Alabama Delivers a Sobering Reminder of Its Dominance With Beatdown of LSU
BATON ROUGE, La. — One of those the-apocalypse-is-nigh preachers wandered through the hordes of tailgaters on LSU’s campus Saturday afternoon holding three giant signs and yelling into a megaphone. “You’re all going to need some mercy soon,” he said.
By soon, he must have meant halftime.
We’ve spent most of the season marveling at the difference quarterback Tua Tagovailoa has made in Alabama’s offense. That obscene production obscured the fact that Alabama, as usual, has an elite defense. The Crimson Tide’s first team defenders—finally allowed to play most of a game because LSU’s defense made Alabama’s offense look occasionally mortal for the first time all season—reminded the nation Saturday that scoring on Alabama still remains as difficult as stopping Alabama from scoring.
LSU linemen simply couldn’t block Tide linemen Quinnen Williams, Isaiah Buggs and Raekwon Davis as the Tide rolled to a 29–0 win. Through three quarters, LSU had gained 108 yards and averaged 2.5 yards a play. They had rushed 19 times for minus-3 yards. “They did an amazing job,” Alabama safety Deionte Thompson said of the defensive line. “They just made it easier for us in the back end to see the routes and the route concepts. And they made it easier to cover the receivers just because of the pressure they put on the quarterback.” The SEC’s blockbuster matchup had turned into a laugher, and not because LSU is that terrible. We’ve seen the Tigers beat Georgia by 20 and rack up wins against one of the nation’s more challenging schedules. Alabama is just that good. Let’s just ask this LSU fan how good.
With the win, Alabama clinched the SEC West title. “Is that true?” coach Nick Saban said when asked about clinching the title. “I didn’t know that.” The Crimson Tide will face Georgia on Dec. 1 in Atlanta with the league championship and at least one berth in the College Football Playoff on the line. After Saturday, it seems inevitable that Alabama will be one of the four teams in the bracket.
Though there wasn’t anything to criticize about Alabama's on-field performance prior to Saturday, the backloaded nature of the Tide’s schedule raised questions about whether Alabama could be as dominant against better competition. Saturday, against a proven team in possibly the most difficult road environment in college football, the Tide did what Saban said Thursday that he hoped they’d do: They elected to kick ass. “What better opportunity is there to make a statement than this?” Saban said.
Saturday offered up a few firsts for this season.
• It was the first time Alabama didn’t score a touchdown on its first drive.
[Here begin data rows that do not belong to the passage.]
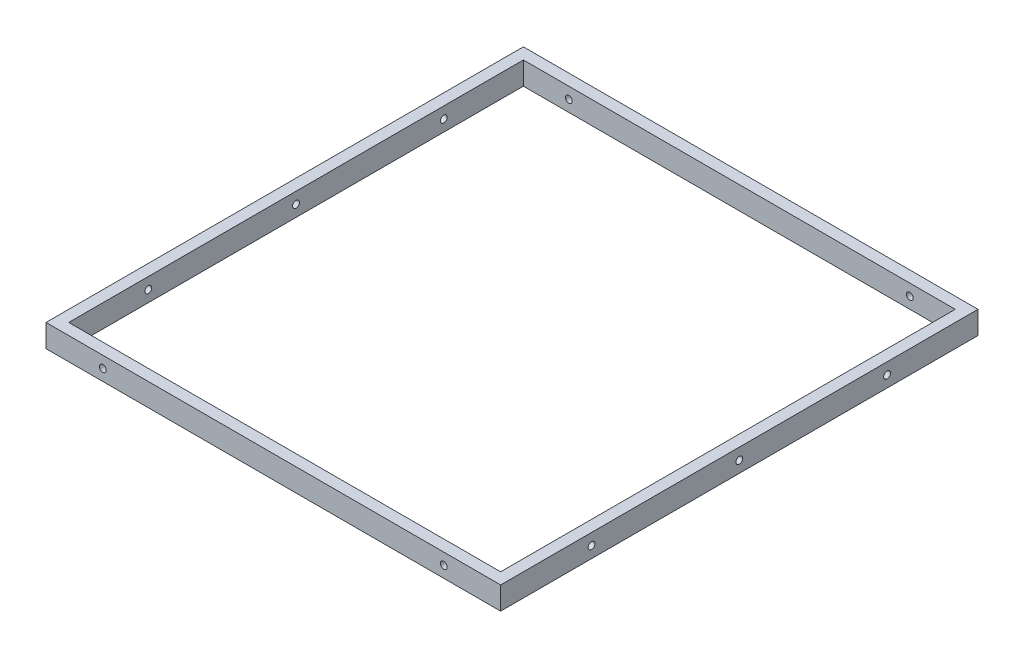
ISO-10303-21;
HEADER;
FILE_DESCRIPTION(('STEP AP214'),'2;1');
FILE_NAME('part.step','',(''),(''),'','','');
FILE_SCHEMA(('AUTOMOTIVE_DESIGN { 1 0 10303 214 1 1 1 1 }'));
ENDSEC;
DATA;
#1=APPLICATION_CONTEXT('core data for automotive mechanical design processes');
#2=APPLICATION_PROTOCOL_DEFINITION('international standard','automotive_design',2000,#1);
#3=PRODUCT_CONTEXT('',#1,'mechanical');
#4=PRODUCT('Part','Part','',(#3));
#5=PRODUCT_RELATED_PRODUCT_CATEGORY('part','',(#4));
#6=PRODUCT_DEFINITION_FORMATION('','',#4);
#7=PRODUCT_DEFINITION_CONTEXT('part definition',#1,'design');
#8=PRODUCT_DEFINITION('design','',#6,#7);
#9=PRODUCT_DEFINITION_SHAPE('','',#8);
#10=(LENGTH_UNIT() NAMED_UNIT(*) SI_UNIT(.MILLI.,.METRE.));
#11=(NAMED_UNIT(*) PLANE_ANGLE_UNIT() SI_UNIT($,.RADIAN.));
#12=(NAMED_UNIT(*) SI_UNIT($,.STERADIAN.) SOLID_ANGLE_UNIT());
#13=UNCERTAINTY_MEASURE_WITH_UNIT(LENGTH_MEASURE(1.E-05),#10,'distance_accuracy_value','');
#14=(GEOMETRIC_REPRESENTATION_CONTEXT(3) GLOBAL_UNCERTAINTY_ASSIGNED_CONTEXT((#13)) GLOBAL_UNIT_ASSIGNED_CONTEXT((#10,
#11,#12)) REPRESENTATION_CONTEXT('',''));
#15=CARTESIAN_POINT('',(0.,0.,0.));
#16=DIRECTION('',(0.,0.,1.));
#17=DIRECTION('',(1.,0.,0.));
#18=AXIS2_PLACEMENT_3D('',#15,#16,#17);
#19=CARTESIAN_POINT('',(0.,20.,0.));
#20=DIRECTION('',(0.,-1.,0.));
#21=DIRECTION('',(0.,0.,-1.));
#22=AXIS2_PLACEMENT_3D('',#19,#20,#21);
#23=PLANE('',#22);
#24=DIRECTION('',(0.,0.,1.));
#25=VECTOR('',#24,1.);
#26=CARTESIAN_POINT('',(-200.,20.,210.));
#27=LINE('',#26,#25);
#28=CARTESIAN_POINT('',(-200.,20.,-210.));
#29=VERTEX_POINT('',#28);
#30=CARTESIAN_POINT('',(-200.,20.,210.));
#31=VERTEX_POINT('',#30);
#32=EDGE_CURVE('E138',#29,#31,#27,.T.);
#33=ORIENTED_EDGE('',*,*,#32,.T.);
#34=DIRECTION('',(1.,0.,0.));
#35=VECTOR('',#34,1.);
#36=CARTESIAN_POINT('',(-200.,20.,210.));
#37=LINE('',#36,#35);
#38=CARTESIAN_POINT('',(200.,20.,210.));
#39=VERTEX_POINT('',#38);
#40=EDGE_CURVE('E141',#31,#39,#37,.T.);
#41=ORIENTED_EDGE('',*,*,#40,.T.);
#42=DIRECTION('',(0.,0.,-1.));
#43=VECTOR('',#42,1.);
#44=CARTESIAN_POINT('',(200.,20.,210.));
#45=LINE('',#44,#43);
#46=CARTESIAN_POINT('',(200.,20.,-210.));
#47=VERTEX_POINT('',#46);
#48=EDGE_CURVE('E144',#39,#47,#45,.T.);
#49=ORIENTED_EDGE('',*,*,#48,.T.);
#50=DIRECTION('',(-1.,0.,0.));
#51=VECTOR('',#50,1.);
#52=CARTESIAN_POINT('',(-200.,20.,-210.));
#53=LINE('',#52,#51);
#54=EDGE_CURVE('E146',#47,#29,#53,.T.);
#55=ORIENTED_EDGE('',*,*,#54,.T.);
#56=EDGE_LOOP('',(#33,#41,#49,#55));
#57=FACE_BOUND('',#56,.T.);
#58=DIRECTION('',(0.,0.,-1.));
#59=VECTOR('',#58,1.);
#60=CARTESIAN_POINT('',(190.,20.,200.));
#61=LINE('',#60,#59);
#62=CARTESIAN_POINT('',(190.,20.,200.));
#63=VERTEX_POINT('',#62);
#64=CARTESIAN_POINT('',(190.,20.,-200.));
#65=VERTEX_POINT('',#64);
#66=EDGE_CURVE('E100',#63,#65,#61,.T.);
#67=ORIENTED_EDGE('',*,*,#66,.F.);
#68=DIRECTION('',(1.,0.,0.));
#69=VECTOR('',#68,1.);
#70=CARTESIAN_POINT('',(-190.,20.,200.));
#71=LINE('',#70,#69);
#72=CARTESIAN_POINT('',(-190.,20.,200.));
#73=VERTEX_POINT('',#72);
#74=EDGE_CURVE('E122',#73,#63,#71,.T.);
#75=ORIENTED_EDGE('',*,*,#74,.F.);
#76=DIRECTION('',(0.,0.,1.));
#77=VECTOR('',#76,1.);
#78=CARTESIAN_POINT('',(-190.,20.,200.));
#79=LINE('',#78,#77);
#80=CARTESIAN_POINT('',(-190.,20.,-200.));
#81=VERTEX_POINT('',#80);
#82=EDGE_CURVE('E120',#81,#73,#79,.T.);
#83=ORIENTED_EDGE('',*,*,#82,.F.);
#84=DIRECTION('',(-1.,0.,0.));
#85=VECTOR('',#84,1.);
#86=CARTESIAN_POINT('',(-190.,20.,-200.));
#87=LINE('',#86,#85);
#88=EDGE_CURVE('E108',#65,#81,#87,.T.);
#89=ORIENTED_EDGE('',*,*,#88,.F.);
#90=EDGE_LOOP('',(#67,#75,#83,#89));
#91=FACE_BOUND('',#90,.T.);
#92=ADVANCED_FACE('F33',(#57,#91),#23,.F.);
#93=CARTESIAN_POINT('',(0.,0.,0.));
#94=DIRECTION('',(0.,-1.,0.));
#95=DIRECTION('',(0.,0.,-1.));
#96=AXIS2_PLACEMENT_3D('',#93,#94,#95);
#97=PLANE('',#96);
#98=DIRECTION('',(0.,0.,1.));
#99=VECTOR('',#98,1.);
#100=CARTESIAN_POINT('',(-200.,0.,210.));
#101=LINE('',#100,#99);
#102=CARTESIAN_POINT('',(-200.,0.,-210.));
#103=VERTEX_POINT('',#102);
#104=CARTESIAN_POINT('',(-200.,0.,210.));
#105=VERTEX_POINT('',#104);
#106=EDGE_CURVE('E116',#103,#105,#101,.T.);
#107=ORIENTED_EDGE('',*,*,#106,.F.);
#108=DIRECTION('',(-1.,0.,0.));
#109=VECTOR('',#108,1.);
#110=CARTESIAN_POINT('',(-200.,0.,-210.));
#111=LINE('',#110,#109);
#112=CARTESIAN_POINT('',(200.,0.,-210.));
#113=VERTEX_POINT('',#112);
#114=EDGE_CURVE('E142',#113,#103,#111,.T.);
#115=ORIENTED_EDGE('',*,*,#114,.F.);
#116=DIRECTION('',(0.,0.,-1.));
#117=VECTOR('',#116,1.);
#118=CARTESIAN_POINT('',(200.,0.,210.));
#119=LINE('',#118,#117);
#120=CARTESIAN_POINT('',(200.,0.,210.));
#121=VERTEX_POINT('',#120);
#122=EDGE_CURVE('E153',#121,#113,#119,.T.);
#123=ORIENTED_EDGE('',*,*,#122,.F.);
#124=DIRECTION('',(1.,0.,0.));
#125=VECTOR('',#124,1.);
#126=CARTESIAN_POINT('',(-200.,0.,210.));
#127=LINE('',#126,#125);
#128=EDGE_CURVE('E151',#105,#121,#127,.T.);
#129=ORIENTED_EDGE('',*,*,#128,.F.);
#130=EDGE_LOOP('',(#107,#115,#123,#129));
#131=FACE_BOUND('',#130,.T.);
#132=DIRECTION('',(1.,0.,0.));
#133=VECTOR('',#132,1.);
#134=CARTESIAN_POINT('',(-190.,0.,200.));
#135=LINE('',#134,#133);
#136=CARTESIAN_POINT('',(-190.,0.,200.));
#137=VERTEX_POINT('',#136);
#138=CARTESIAN_POINT('',(190.,0.,200.));
#139=VERTEX_POINT('',#138);
#140=EDGE_CURVE('E109',#137,#139,#135,.T.);
#141=ORIENTED_EDGE('',*,*,#140,.T.);
#142=DIRECTION('',(0.,0.,-1.));
#143=VECTOR('',#142,1.);
#144=CARTESIAN_POINT('',(190.,0.,200.));
#145=LINE('',#144,#143);
#146=CARTESIAN_POINT('',(190.,0.,-200.));
#147=VERTEX_POINT('',#146);
#148=EDGE_CURVE('E58',#139,#147,#145,.T.);
#149=ORIENTED_EDGE('',*,*,#148,.T.);
#150=DIRECTION('',(-1.,0.,0.));
#151=VECTOR('',#150,1.);
#152=CARTESIAN_POINT('',(-190.,0.,-200.));
#153=LINE('',#152,#151);
#154=CARTESIAN_POINT('',(-190.,0.,-200.));
#155=VERTEX_POINT('',#154);
#156=EDGE_CURVE('E115',#147,#155,#153,.T.);
#157=ORIENTED_EDGE('',*,*,#156,.T.);
#158=DIRECTION('',(0.,0.,1.));
#159=VECTOR('',#158,1.);
#160=CARTESIAN_POINT('',(-190.,0.,200.));
#161=LINE('',#160,#159);
#162=EDGE_CURVE('E130',#155,#137,#161,.T.);
#163=ORIENTED_EDGE('',*,*,#162,.T.);
#164=EDGE_LOOP('',(#141,#149,#157,#163));
#165=FACE_BOUND('',#164,.T.);
#166=ADVANCED_FACE('F236',(#131,#165),#97,.T.);
#167=CARTESIAN_POINT('',(-200.,20.,210.));
#168=DIRECTION('',(1.,0.,0.));
#169=DIRECTION('',(0.,0.,-1.));
#170=AXIS2_PLACEMENT_3D('',#167,#168,#169);
#171=PLANE('',#170);
#172=CARTESIAN_POINT('',(-200.,9.99999999999913,-130.));
#173=DIRECTION('',(-1.,0.,0.));
#174=DIRECTION('',(0.,0.,1.));
#175=AXIS2_PLACEMENT_3D('',#172,#173,#174);
#176=CIRCLE('',#175,2.99999999999999);
#177=CARTESIAN_POINT('',(-200.,9.99999999999913,-127.));
#178=VERTEX_POINT('',#177);
#179=EDGE_CURVE('E183',#178,#178,#176,.T.);
#180=ORIENTED_EDGE('',*,*,#179,.F.);
#181=EDGE_LOOP('',(#180));
#182=FACE_BOUND('',#181,.T.);
#183=CARTESIAN_POINT('',(-200.,10.,129.999998685776));
#184=DIRECTION('',(-1.,0.,0.));
#185=DIRECTION('',(0.,0.,1.));
#186=AXIS2_PLACEMENT_3D('',#183,#184,#185);
#187=CIRCLE('',#186,2.99999999999999);
#188=CARTESIAN_POINT('',(-200.,10.,132.999998685776));
#189=VERTEX_POINT('',#188);
#190=EDGE_CURVE('E201',#189,#189,#187,.T.);
#191=ORIENTED_EDGE('',*,*,#190,.F.);
#192=EDGE_LOOP('',(#191));
#193=FACE_BOUND('',#192,.T.);
#194=CARTESIAN_POINT('',(-200.,10.,1.02609784229137E-06));
#195=DIRECTION('',(-1.,0.,0.));
#196=DIRECTION('',(0.,0.,1.));
#197=AXIS2_PLACEMENT_3D('',#194,#195,#196);
#198=CIRCLE('',#197,3.);
#199=CARTESIAN_POINT('',(-200.,10.,3.00000102609784));
#200=VERTEX_POINT('',#199);
#201=EDGE_CURVE('E208',#200,#200,#198,.T.);
#202=ORIENTED_EDGE('',*,*,#201,.F.);
#203=EDGE_LOOP('',(#202));
#204=FACE_BOUND('',#203,.T.);
#205=ORIENTED_EDGE('',*,*,#106,.T.);
#206=DIRECTION('',(0.,-1.,0.));
#207=VECTOR('',#206,1.);
#208=CARTESIAN_POINT('',(-200.,20.,210.));
#209=LINE('',#208,#207);
#210=EDGE_CURVE('E11',#31,#105,#209,.T.);
#211=ORIENTED_EDGE('',*,*,#210,.F.);
#212=ORIENTED_EDGE('',*,*,#32,.F.);
#213=DIRECTION('',(0.,-1.,0.));
#214=VECTOR('',#213,1.);
#215=CARTESIAN_POINT('',(-200.,20.,-210.));
#216=LINE('',#215,#214);
#217=EDGE_CURVE('E148',#29,#103,#216,.T.);
#218=ORIENTED_EDGE('',*,*,#217,.T.);
#219=EDGE_LOOP('',(#205,#211,#212,#218));
#220=FACE_BOUND('',#219,.T.);
#221=ADVANCED_FACE('F35',(#182,#193,#204,#220),#171,.F.);
#222=CARTESIAN_POINT('',(-200.,20.,210.));
#223=DIRECTION('',(0.,0.,-1.));
#224=DIRECTION('',(-1.,0.,0.));
#225=AXIS2_PLACEMENT_3D('',#222,#223,#224);
#226=PLANE('',#225);
#227=CARTESIAN_POINT('',(-150.,10.,210.));
#228=DIRECTION('',(0.,0.,-1.));
#229=DIRECTION('',(-1.,0.,0.));
#230=AXIS2_PLACEMENT_3D('',#227,#228,#229);
#231=CIRCLE('',#230,2.99999999999999);
#232=CARTESIAN_POINT('',(-153.,10.,210.));
#233=VERTEX_POINT('',#232);
#234=EDGE_CURVE('E256',#233,#233,#231,.F.);
#235=ORIENTED_EDGE('',*,*,#234,.F.);
#236=EDGE_LOOP('',(#235));
#237=FACE_BOUND('',#236,.T.);
#238=CARTESIAN_POINT('',(150.,10.,210.));
#239=DIRECTION('',(0.,0.,-1.));
#240=DIRECTION('',(-1.,0.,0.));
#241=AXIS2_PLACEMENT_3D('',#238,#239,#240);
#242=CIRCLE('',#241,2.99999999999999);
#243=CARTESIAN_POINT('',(147.,10.,210.));
#244=VERTEX_POINT('',#243);
#245=EDGE_CURVE('E179',#244,#244,#242,.F.);
#246=ORIENTED_EDGE('',*,*,#245,.F.);
#247=EDGE_LOOP('',(#246));
#248=FACE_BOUND('',#247,.T.);
#249=ORIENTED_EDGE('',*,*,#128,.T.);
#250=DIRECTION('',(0.,-1.,0.));
#251=VECTOR('',#250,1.);
#252=CARTESIAN_POINT('',(200.,20.,210.));
#253=LINE('',#252,#251);
#254=EDGE_CURVE('E42',#39,#121,#253,.T.);
#255=ORIENTED_EDGE('',*,*,#254,.F.);
#256=ORIENTED_EDGE('',*,*,#40,.F.);
#257=ORIENTED_EDGE('',*,*,#210,.T.);
#258=EDGE_LOOP('',(#249,#255,#256,#257));
#259=FACE_BOUND('',#258,.T.);
#260=ADVANCED_FACE('F245',(#237,#248,#259),#226,.F.);
#261=CARTESIAN_POINT('',(200.,20.,210.));
#262=DIRECTION('',(-1.,0.,0.));
#263=DIRECTION('',(0.,0.,1.));
#264=AXIS2_PLACEMENT_3D('',#261,#262,#263);
#265=PLANE('',#264);
#266=CARTESIAN_POINT('',(200.,9.99999999999913,-130.));
#267=DIRECTION('',(-1.,0.,0.));
#268=DIRECTION('',(0.,0.,1.));
#269=AXIS2_PLACEMENT_3D('',#266,#267,#268);
#270=CIRCLE('',#269,2.99999999999999);
#271=CARTESIAN_POINT('',(200.,9.99999999999913,-127.));
#272=VERTEX_POINT('',#271);
#273=EDGE_CURVE('E175',#272,#272,#270,.F.);
#274=ORIENTED_EDGE('',*,*,#273,.F.);
#275=EDGE_LOOP('',(#274));
#276=FACE_BOUND('',#275,.T.);
#277=CARTESIAN_POINT('',(200.,10.,129.999998685776));
#278=DIRECTION('',(-1.,0.,0.));
#279=DIRECTION('',(0.,0.,1.));
#280=AXIS2_PLACEMENT_3D('',#277,#278,#279);
#281=CIRCLE('',#280,2.99999999999999);
#282=CARTESIAN_POINT('',(200.,10.,132.999998685776));
#283=VERTEX_POINT('',#282);
#284=EDGE_CURVE('E171',#283,#283,#281,.F.);
#285=ORIENTED_EDGE('',*,*,#284,.F.);
#286=EDGE_LOOP('',(#285));
#287=FACE_BOUND('',#286,.T.);
#288=CARTESIAN_POINT('',(200.,10.,1.02609784229137E-06));
#289=DIRECTION('',(-1.,0.,0.));
#290=DIRECTION('',(0.,0.,1.));
#291=AXIS2_PLACEMENT_3D('',#288,#289,#290);
#292=CIRCLE('',#291,3.);
#293=CARTESIAN_POINT('',(200.,10.,3.00000102609784));
#294=VERTEX_POINT('',#293);
#295=EDGE_CURVE('E166',#294,#294,#292,.F.);
#296=ORIENTED_EDGE('',*,*,#295,.F.);
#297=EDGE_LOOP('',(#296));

• It was the first time LSU gave up a first-quarter TD.
• It was the first time Tagovailoa threw an interception. He was picked off by LSU’s Todd Harris Jr. late in the second quarter. Of course, Alabama’s defense then forced a three-and-out and Tagovailoa completed consecutive passes to Jerry Jeudy and Irv Smith to find the end zone again.
• Tagovailoa took his first fourth-quarter snap.
Because Tagovailoa’s day wasn’t done at halftime, someone who only sees the score Sunday morning might assume the Tigers made Alabama’s offense look mortal. Not really. Through three quarters, Alabama was averaging 9.6 yards a play. “It shows you the kind of personnel that we have, the kind of talent that we have,” Tagovailoa said. “It shows what kind of things we can do against basically anyone.” And on the Tide’s first possession of the fourth quarter, they drove 80 yards in eight plays, capping the march with a one-yard Damien Harris touchdown run.
“That [expletive] feels so goooooood,” Alabama cornerback Saivion Smith said as he skipped off the field following the win. (Smith started his career with LSU and then went to Alabama after a stretch in junior college.)
Still, for a few moments in the first half, it seemed like a team with an elite defense and a rocket-armed quarterback—cough, cough, Clemson, cough, cough—might have the talent to hang with the Tide. So maybe all hope is not lost for the field.
But when Buggs, Williams and/or Davis are bearing down on a quarterback, it sure feels as if all the hope gets sucked out of the stadium. By the time Harris scored that last Alabama touchdown, most of the seats in Tiger Stadium were empty. “They were so loud before the game,” Alabama’s Smith said. “When it ended everybody was gone.”
Everyone had gone to seek mercy somewhere else, because the Tide weren’t offering any.